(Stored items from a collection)
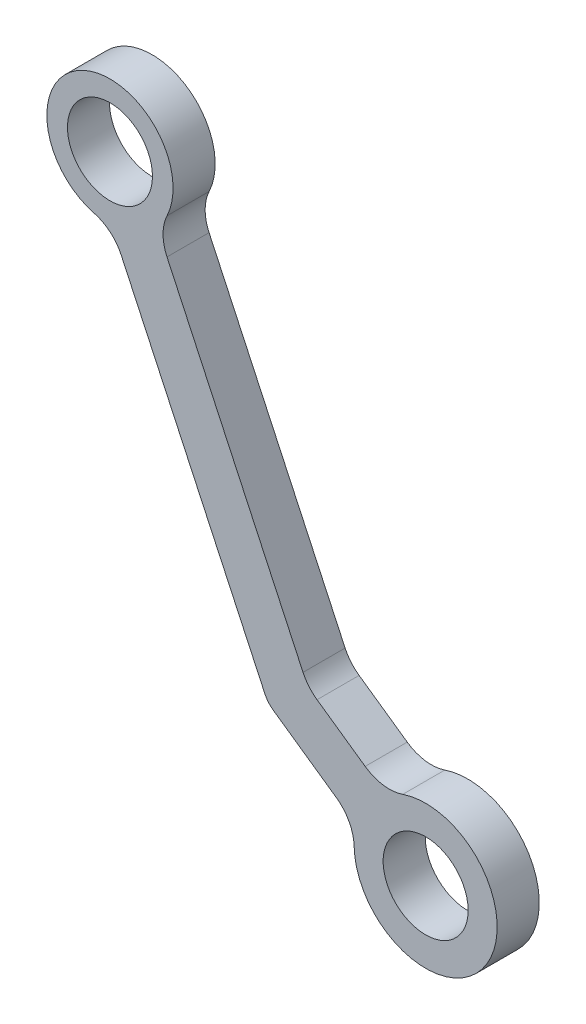
ISO-10303-21;
HEADER;
FILE_DESCRIPTION(('STEP AP214'),'2;1');
FILE_NAME('part.step','',(''),(''),'','','');
FILE_SCHEMA(('AUTOMOTIVE_DESIGN { 1 0 10303 214 1 1 1 1 }'));
ENDSEC;
DATA;
#1=APPLICATION_CONTEXT('core data for automotive mechanical design processes');
#2=APPLICATION_PROTOCOL_DEFINITION('international standard','automotive_design',2000,#1);
#3=PRODUCT_CONTEXT('',#1,'mechanical');
#4=PRODUCT('Part','Part','',(#3));
#5=PRODUCT_RELATED_PRODUCT_CATEGORY('part','',(#4));
#6=PRODUCT_DEFINITION_FORMATION('','',#4);
#7=PRODUCT_DEFINITION_CONTEXT('part definition',#1,'design');
#8=PRODUCT_DEFINITION('design','',#6,#7);
#9=PRODUCT_DEFINITION_SHAPE('','',#8);
#10=(LENGTH_UNIT() NAMED_UNIT(*) SI_UNIT(.MILLI.,.METRE.));
#11=(NAMED_UNIT(*) PLANE_ANGLE_UNIT() SI_UNIT($,.RADIAN.));
#12=(NAMED_UNIT(*) SI_UNIT($,.STERADIAN.) SOLID_ANGLE_UNIT());
#13=UNCERTAINTY_MEASURE_WITH_UNIT(LENGTH_MEASURE(1.E-05),#10,'distance_accuracy_value','');
#14=(GEOMETRIC_REPRESENTATION_CONTEXT(3) GLOBAL_UNCERTAINTY_ASSIGNED_CONTEXT((#13)) GLOBAL_UNIT_ASSIGNED_CONTEXT((#10,
#11,#12)) REPRESENTATION_CONTEXT('',''));
#15=CARTESIAN_POINT('',(0.,0.,0.));
#16=DIRECTION('',(0.,0.,1.));
#17=DIRECTION('',(1.,0.,0.));
#18=AXIS2_PLACEMENT_3D('',#15,#16,#17);
#19=CARTESIAN_POINT('',(26.8362596205347,-57.5505444768271,7.59594193696889));
#20=DIRECTION('',(0.,0.,1.));
#21=DIRECTION('',(1.,0.,0.));
#22=AXIS2_PLACEMENT_3D('',#19,#20,#21);
#23=PLANE('',#22);
#24=CARTESIAN_POINT('',(0.,0.,7.59594193696889));
#25=DIRECTION('',(0.,0.,1.));
#26=DIRECTION('',(1.,0.,0.));
#27=AXIS2_PLACEMENT_3D('',#24,#25,#26);
#28=CIRCLE('',#27,6.4135);
#29=CARTESIAN_POINT('',(6.4135,0.,7.59594193696889));
#30=VERTEX_POINT('',#29);
#31=EDGE_CURVE('E174',#30,#30,#28,.T.);
#32=ORIENTED_EDGE('',*,*,#31,.F.);
#33=EDGE_LOOP('',(#32));
#34=FACE_BOUND('',#33,.T.);
#35=CARTESIAN_POINT('',(26.8362596205347,-57.5505444768271,7.59594193696889));
#36=DIRECTION('',(0.,0.,1.));
#37=DIRECTION('',(1.,0.,0.));
#38=AXIS2_PLACEMENT_3D('',#35,#36,#37);
#39=CIRCLE('',#38,3.80999999999999);
#40=CARTESIAN_POINT('',(23.3832269519251,-59.1607200540592,7.59594193696889));
#41=VERTEX_POINT('',#40);
#42=CARTESIAN_POINT('',(24.6509333980372,-60.6715137655682,7.59594193696889));
#43=VERTEX_POINT('',#42);
#44=EDGE_CURVE('E204',#41,#43,#39,.T.);
#45=ORIENTED_EDGE('',*,*,#44,.T.);
#46=DIRECTION('',(0.819152044288996,-0.57357643635104,0.));
#47=VECTOR('',#46,1.);
#48=CARTESIAN_POINT('',(24.6509333980372,-60.6715137655682,7.59594193696889));
#49=LINE('',#48,#47);
#50=CARTESIAN_POINT('',(34.144629034524,-67.3190710157047,7.59594193696889));
#51=VERTEX_POINT('',#50);
#52=EDGE_CURVE('E116',#43,#51,#49,.T.);
#53=ORIENTED_EDGE('',*,*,#52,.T.);
#54=CARTESIAN_POINT('',(30.5024186636949,-72.5206864969398,7.59594193696889));
#55=DIRECTION('',(0.,0.,-1.));
#56=DIRECTION('',(-1.,0.,0.));
#57=AXIS2_PLACEMENT_3D('',#54,#55,#56);
#58=CIRCLE('',#57,6.34999999999999);
#59=CARTESIAN_POINT('',(36.8506789902802,-72.3720566684968,7.59594193696889));
#60=VERTEX_POINT('',#59);
#61=EDGE_CURVE('E241',#51,#60,#58,.T.);
#62=ORIENTED_EDGE('',*,*,#61,.T.);
#63=CARTESIAN_POINT('',(47.6427215454752,-72.1193859601436,7.59594193696889));
#64=DIRECTION('',(0.,0.,1.));
#65=DIRECTION('',(1.,0.,0.));
#66=AXIS2_PLACEMENT_3D('',#63,#64,#65);
#67=CIRCLE('',#66,10.795);
#68=CARTESIAN_POINT('',(44.1890584040988,-61.8917647359342,7.59594193696889));
#69=VERTEX_POINT('',#68);
#70=EDGE_CURVE('E261',#60,#69,#67,.T.);
#71=ORIENTED_EDGE('',*,*,#70,.T.);
#72=CARTESIAN_POINT('',(42.157491850348,-55.8755169569875,7.59594193696889));
#73=DIRECTION('',(0.,0.,-1.));
#74=DIRECTION('',(1.,0.,0.));
#75=AXIS2_PLACEMENT_3D('',#72,#73,#74);
#76=CIRCLE('',#75,6.34999999999999);
#77=CARTESIAN_POINT('',(38.5152814795189,-61.0771324382226,7.59594193696889));
#78=VERTEX_POINT('',#77);
#79=EDGE_CURVE('E257',#69,#78,#76,.T.);
#80=ORIENTED_EDGE('',*,*,#79,.T.);
#81=DIRECTION('',(-0.819152044288996,0.573576436351041,0.));
#82=VECTOR('',#81,1.);
#83=CARTESIAN_POINT('',(31.2516157110869,-55.9910589121308,7.59594193696889));
#84=LINE('',#83,#82);
#85=CARTESIAN_POINT('',(31.2516157110869,-55.9910589121308,7.59594193696889));
#86=VERTEX_POINT('',#85);
#87=EDGE_CURVE('E260',#78,#86,#84,.T.);
#88=ORIENTED_EDGE('',*,*,#87,.T.);
#89=CARTESIAN_POINT('',(34.893826081916,-50.7894434308956,7.59594193696889));
#90=DIRECTION('',(0.,0.,-1.));
#91=DIRECTION('',(1.,0.,0.));
#92=AXIS2_PLACEMENT_3D('',#89,#90,#91);
#93=CIRCLE('',#92,6.35000000000001);
#94=CARTESIAN_POINT('',(29.1387716342333,-53.4730693929491,7.59594193696889));
#95=VERTEX_POINT('',#94);
#96=EDGE_CURVE('E265',#86,#95,#93,.T.);
#97=ORIENTED_EDGE('',*,*,#96,.T.);
#98=DIRECTION('',(-0.422618261740704,0.906307787036648,0.));
#99=VECTOR('',#98,1.);
#100=CARTESIAN_POINT('',(29.1387716342333,-53.4730693929491,7.59594193696889));
#101=LINE('',#100,#99);
#102=CARTESIAN_POINT('',(8.60810980115821,-9.4449230092788,7.59594193696889));
#103=VERTEX_POINT('',#102);
#104=EDGE_CURVE('E272',#95,#103,#101,.T.);
#105=ORIENTED_EDGE('',*,*,#104,.T.);
#106=CARTESIAN_POINT('',(14.3631642488409,-6.76129704722533,7.59594193696889));
#107=DIRECTION('',(0.,0.,-1.));
#108=DIRECTION('',(-1.,0.,0.));
#109=AXIS2_PLACEMENT_3D('',#106,#107,#108);
#110=CIRCLE('',#109,6.35);
#111=CARTESIAN_POINT('',(8.61789854930455,-4.0567782283352,7.59594193696889));
#112=VERTEX_POINT('',#111);
#113=EDGE_CURVE('E147',#103,#112,#110,.T.);
#114=ORIENTED_EDGE('',*,*,#113,.T.);
#115=CARTESIAN_POINT('',(0.,0.,7.59594193696889));
#116=DIRECTION('',(0.,0.,1.));
#117=DIRECTION('',(1.,0.,0.));
#118=AXIS2_PLACEMENT_3D('',#115,#116,#117);
#119=CIRCLE('',#118,9.525);
#120=CARTESIAN_POINT('',(-2.43180599024625,-9.20934007547785,7.59594193696889));
#121=VERTEX_POINT('',#120);
#122=EDGE_CURVE('E141',#112,#121,#119,.T.);
#123=ORIENTED_EDGE('',*,*,#122,.T.);
#124=CARTESIAN_POINT('',(-4.05300998374375,-15.3489001257964,7.59594193696889));
#125=DIRECTION('',(0.,0.,-1.));
#126=DIRECTION('',(1.,0.,0.));
#127=AXIS2_PLACEMENT_3D('',#124,#125,#126);
#128=CIRCLE('',#127,6.35);
#129=CARTESIAN_POINT('',(1.70204446393897,-12.665274163743,7.59594193696889));
#130=VERTEX_POINT('',#129);
#131=EDGE_CURVE('E145',#121,#130,#128,.T.);
#132=ORIENTED_EDGE('',*,*,#131,.T.);
#133=DIRECTION('',(0.422618261740704,-0.906307787036648,0.));
#134=VECTOR('',#133,1.);
#135=CARTESIAN_POINT('',(1.70204446393897,-12.665274163743,7.59594193696889));
#136=LINE('',#135,#134);
#137=EDGE_CURVE('E61',#130,#41,#136,.T.);
#138=ORIENTED_EDGE('',*,*,#137,.T.);
#139=EDGE_LOOP('',(#45,#53,#62,#71,#80,#88,#97,#105,#114,#123,#132,#138));
#140=FACE_BOUND('',#139,.T.);
#141=CARTESIAN_POINT('',(47.6427215454752,-72.1193859601436,7.59594193696889));
#142=DIRECTION('',(0.,0.,1.));
#143=DIRECTION('',(1.,0.,0.));
#144=AXIS2_PLACEMENT_3D('',#141,#142,#143);
#145=CIRCLE('',#144,6.4135);
#146=CARTESIAN_POINT('',(54.0562215454752,-72.1193859601436,7.59594193696889));
#147=VERTEX_POINT('',#146);
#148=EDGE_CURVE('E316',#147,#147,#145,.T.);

Your instructions |
The lines to be transcribed are those from the first line of the data above through the line holding "#6=PRODUCT_DEFINITION_FORMATION('','',#4);", inclusive; copy them exactly and only, leaving out the pictures.

Answer section |
ISO-10303-21;
HEADER;
FILE_DESCRIPTION(('STEP AP214'),'2;1');
FILE_NAME('part.step','',(''),(''),'','','');
FILE_SCHEMA(('AUTOMOTIVE_DESIGN { 1 0 10303 214 1 1 1 1 }'));
ENDSEC;
DATA;
#1=APPLICATION_CONTEXT('core data for automotive mechanical design processes');
#2=APPLICATION_PROTOCOL_DEFINITION('international standard','automotive_design',2000,#1);
#3=PRODUCT_CONTEXT('',#1,'mechanical');
#4=PRODUCT('Part','Part','',(#3));
#5=PRODUCT_RELATED_PRODUCT_CATEGORY('part','',(#4));
#6=PRODUCT_DEFINITION_FORMATION('','',#4);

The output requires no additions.